What to produce: Below are records; state how many of their lines hold the word "Sender", and give only the figure.

_ _ _ _ _ _ _

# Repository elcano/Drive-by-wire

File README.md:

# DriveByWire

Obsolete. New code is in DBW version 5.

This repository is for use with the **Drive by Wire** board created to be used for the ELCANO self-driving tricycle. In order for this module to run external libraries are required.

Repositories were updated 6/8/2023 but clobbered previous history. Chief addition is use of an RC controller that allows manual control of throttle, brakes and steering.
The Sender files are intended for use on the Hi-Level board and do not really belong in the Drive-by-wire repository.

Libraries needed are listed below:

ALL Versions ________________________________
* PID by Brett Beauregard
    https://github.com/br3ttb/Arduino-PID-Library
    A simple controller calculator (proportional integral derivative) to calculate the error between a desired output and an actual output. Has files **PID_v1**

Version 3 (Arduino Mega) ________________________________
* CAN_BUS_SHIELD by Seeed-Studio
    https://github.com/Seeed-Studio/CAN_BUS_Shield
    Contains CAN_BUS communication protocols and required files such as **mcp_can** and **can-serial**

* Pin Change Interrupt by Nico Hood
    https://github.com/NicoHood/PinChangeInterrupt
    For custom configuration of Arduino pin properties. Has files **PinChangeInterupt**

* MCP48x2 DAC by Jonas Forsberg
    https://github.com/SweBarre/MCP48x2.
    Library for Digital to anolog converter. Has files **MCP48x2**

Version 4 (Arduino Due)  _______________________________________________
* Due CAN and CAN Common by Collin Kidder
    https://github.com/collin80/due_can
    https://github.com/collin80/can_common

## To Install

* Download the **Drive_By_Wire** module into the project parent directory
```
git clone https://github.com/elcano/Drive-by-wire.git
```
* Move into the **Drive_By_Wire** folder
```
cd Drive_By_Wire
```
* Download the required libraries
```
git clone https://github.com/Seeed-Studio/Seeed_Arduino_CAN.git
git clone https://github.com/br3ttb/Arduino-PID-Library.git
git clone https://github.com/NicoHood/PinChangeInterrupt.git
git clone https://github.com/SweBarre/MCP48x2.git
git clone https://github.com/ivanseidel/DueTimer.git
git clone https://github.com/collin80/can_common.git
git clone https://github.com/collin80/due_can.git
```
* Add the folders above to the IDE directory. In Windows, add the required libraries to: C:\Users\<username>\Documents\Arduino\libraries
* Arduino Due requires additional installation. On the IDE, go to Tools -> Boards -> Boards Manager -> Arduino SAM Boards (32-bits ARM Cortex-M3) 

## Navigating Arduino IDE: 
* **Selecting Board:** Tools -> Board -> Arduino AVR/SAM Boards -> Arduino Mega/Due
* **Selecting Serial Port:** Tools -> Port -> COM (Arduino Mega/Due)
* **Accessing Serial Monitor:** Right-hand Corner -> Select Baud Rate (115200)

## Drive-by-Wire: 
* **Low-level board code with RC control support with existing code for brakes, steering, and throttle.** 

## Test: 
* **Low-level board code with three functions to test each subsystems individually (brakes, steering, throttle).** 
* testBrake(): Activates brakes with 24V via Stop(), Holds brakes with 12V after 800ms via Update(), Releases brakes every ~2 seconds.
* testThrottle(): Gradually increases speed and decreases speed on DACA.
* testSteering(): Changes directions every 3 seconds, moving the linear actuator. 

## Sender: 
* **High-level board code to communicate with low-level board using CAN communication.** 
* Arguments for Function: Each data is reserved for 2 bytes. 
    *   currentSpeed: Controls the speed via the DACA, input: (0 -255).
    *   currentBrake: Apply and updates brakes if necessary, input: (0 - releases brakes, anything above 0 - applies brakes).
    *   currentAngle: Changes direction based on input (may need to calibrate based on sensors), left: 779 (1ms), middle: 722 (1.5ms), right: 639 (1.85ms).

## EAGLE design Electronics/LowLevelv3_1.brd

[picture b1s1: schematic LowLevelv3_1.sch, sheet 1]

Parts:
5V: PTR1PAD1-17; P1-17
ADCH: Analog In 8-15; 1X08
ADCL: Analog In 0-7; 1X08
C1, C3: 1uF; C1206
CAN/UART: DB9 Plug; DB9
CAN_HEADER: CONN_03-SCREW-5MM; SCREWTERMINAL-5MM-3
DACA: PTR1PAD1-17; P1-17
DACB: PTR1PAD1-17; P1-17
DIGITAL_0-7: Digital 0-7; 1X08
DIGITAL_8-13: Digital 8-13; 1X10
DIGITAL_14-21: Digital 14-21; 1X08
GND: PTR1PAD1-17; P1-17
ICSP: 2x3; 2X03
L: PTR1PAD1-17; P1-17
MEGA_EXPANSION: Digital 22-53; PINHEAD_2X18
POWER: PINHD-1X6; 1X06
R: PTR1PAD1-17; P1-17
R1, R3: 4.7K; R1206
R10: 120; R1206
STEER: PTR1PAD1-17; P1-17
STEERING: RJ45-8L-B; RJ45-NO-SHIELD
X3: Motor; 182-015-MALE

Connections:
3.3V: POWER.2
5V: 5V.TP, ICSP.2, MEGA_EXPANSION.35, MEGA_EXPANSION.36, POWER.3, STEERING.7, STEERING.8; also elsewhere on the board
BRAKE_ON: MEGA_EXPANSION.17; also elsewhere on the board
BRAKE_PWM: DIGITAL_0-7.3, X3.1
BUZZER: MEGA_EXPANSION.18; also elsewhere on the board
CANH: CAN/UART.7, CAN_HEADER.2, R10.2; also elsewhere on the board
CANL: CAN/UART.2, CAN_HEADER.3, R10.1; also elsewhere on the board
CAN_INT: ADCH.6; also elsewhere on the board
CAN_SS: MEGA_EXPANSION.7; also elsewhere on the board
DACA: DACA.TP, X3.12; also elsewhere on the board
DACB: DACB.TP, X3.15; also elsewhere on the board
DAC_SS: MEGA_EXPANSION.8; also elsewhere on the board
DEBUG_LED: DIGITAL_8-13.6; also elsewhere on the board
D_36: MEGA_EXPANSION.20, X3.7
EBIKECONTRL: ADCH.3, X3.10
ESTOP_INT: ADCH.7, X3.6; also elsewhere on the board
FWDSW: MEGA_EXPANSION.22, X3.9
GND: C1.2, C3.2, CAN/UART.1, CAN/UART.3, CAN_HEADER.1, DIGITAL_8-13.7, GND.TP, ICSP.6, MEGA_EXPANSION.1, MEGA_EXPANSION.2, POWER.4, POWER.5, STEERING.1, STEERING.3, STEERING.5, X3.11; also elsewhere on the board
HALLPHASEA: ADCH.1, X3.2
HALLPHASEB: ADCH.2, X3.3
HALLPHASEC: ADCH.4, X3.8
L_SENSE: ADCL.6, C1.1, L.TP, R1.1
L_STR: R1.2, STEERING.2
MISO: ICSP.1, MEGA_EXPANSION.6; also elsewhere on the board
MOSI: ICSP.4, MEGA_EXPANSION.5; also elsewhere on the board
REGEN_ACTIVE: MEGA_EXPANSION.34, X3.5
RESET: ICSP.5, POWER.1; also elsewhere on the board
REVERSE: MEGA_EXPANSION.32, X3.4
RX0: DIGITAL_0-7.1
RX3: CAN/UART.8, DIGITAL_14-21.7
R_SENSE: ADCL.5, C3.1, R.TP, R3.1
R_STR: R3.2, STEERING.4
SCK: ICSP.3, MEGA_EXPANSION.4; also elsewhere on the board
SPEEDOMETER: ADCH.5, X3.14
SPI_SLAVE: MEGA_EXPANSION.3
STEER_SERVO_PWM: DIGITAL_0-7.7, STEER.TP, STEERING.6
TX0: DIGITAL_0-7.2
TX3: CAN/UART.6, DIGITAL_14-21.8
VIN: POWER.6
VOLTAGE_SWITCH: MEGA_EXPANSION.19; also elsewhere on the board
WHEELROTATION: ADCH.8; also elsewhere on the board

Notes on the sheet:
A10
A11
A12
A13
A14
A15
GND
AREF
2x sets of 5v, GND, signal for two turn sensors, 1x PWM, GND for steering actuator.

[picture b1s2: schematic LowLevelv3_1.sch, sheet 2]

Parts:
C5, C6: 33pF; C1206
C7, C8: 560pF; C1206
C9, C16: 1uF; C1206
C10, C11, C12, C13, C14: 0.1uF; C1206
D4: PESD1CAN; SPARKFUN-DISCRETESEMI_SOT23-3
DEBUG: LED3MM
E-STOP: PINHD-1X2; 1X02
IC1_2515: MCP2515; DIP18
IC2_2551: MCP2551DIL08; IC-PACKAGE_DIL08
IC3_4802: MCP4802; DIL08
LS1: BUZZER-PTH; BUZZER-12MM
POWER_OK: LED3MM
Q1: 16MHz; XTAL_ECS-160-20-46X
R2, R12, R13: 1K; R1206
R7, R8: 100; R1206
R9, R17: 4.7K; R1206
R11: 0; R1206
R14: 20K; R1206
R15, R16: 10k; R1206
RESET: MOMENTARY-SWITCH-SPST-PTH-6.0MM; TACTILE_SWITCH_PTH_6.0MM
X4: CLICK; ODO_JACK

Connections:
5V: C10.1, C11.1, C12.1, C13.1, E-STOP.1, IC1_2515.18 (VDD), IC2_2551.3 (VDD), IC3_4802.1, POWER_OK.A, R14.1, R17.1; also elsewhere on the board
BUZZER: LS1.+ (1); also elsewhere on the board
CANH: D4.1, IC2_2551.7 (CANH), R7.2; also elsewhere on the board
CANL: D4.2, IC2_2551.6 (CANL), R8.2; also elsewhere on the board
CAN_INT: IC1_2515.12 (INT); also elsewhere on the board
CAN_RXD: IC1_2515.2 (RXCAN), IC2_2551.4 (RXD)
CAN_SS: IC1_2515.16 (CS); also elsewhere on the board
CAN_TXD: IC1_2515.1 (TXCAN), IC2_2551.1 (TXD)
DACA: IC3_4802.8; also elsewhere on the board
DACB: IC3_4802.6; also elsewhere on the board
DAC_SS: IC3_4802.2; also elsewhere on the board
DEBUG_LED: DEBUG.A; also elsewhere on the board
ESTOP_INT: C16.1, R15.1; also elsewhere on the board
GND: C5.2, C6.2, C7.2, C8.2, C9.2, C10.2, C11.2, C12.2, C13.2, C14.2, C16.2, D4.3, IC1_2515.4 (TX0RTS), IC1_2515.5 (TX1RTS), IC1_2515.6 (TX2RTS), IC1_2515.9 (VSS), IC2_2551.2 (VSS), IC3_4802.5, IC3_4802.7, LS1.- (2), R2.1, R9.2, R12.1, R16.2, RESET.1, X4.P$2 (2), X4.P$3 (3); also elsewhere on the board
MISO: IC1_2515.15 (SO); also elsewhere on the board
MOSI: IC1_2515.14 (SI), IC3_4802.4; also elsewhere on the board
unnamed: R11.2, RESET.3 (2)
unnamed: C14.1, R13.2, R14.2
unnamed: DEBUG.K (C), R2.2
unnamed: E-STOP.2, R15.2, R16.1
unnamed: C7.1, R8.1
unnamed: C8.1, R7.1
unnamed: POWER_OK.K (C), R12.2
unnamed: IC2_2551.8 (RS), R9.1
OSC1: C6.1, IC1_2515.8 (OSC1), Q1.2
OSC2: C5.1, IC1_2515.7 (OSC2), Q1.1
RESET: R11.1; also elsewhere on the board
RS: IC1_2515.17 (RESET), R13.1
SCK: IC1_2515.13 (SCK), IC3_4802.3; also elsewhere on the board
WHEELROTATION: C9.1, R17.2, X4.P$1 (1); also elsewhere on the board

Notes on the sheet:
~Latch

_ _ _ _ _ _ _

Answer to the problem: 2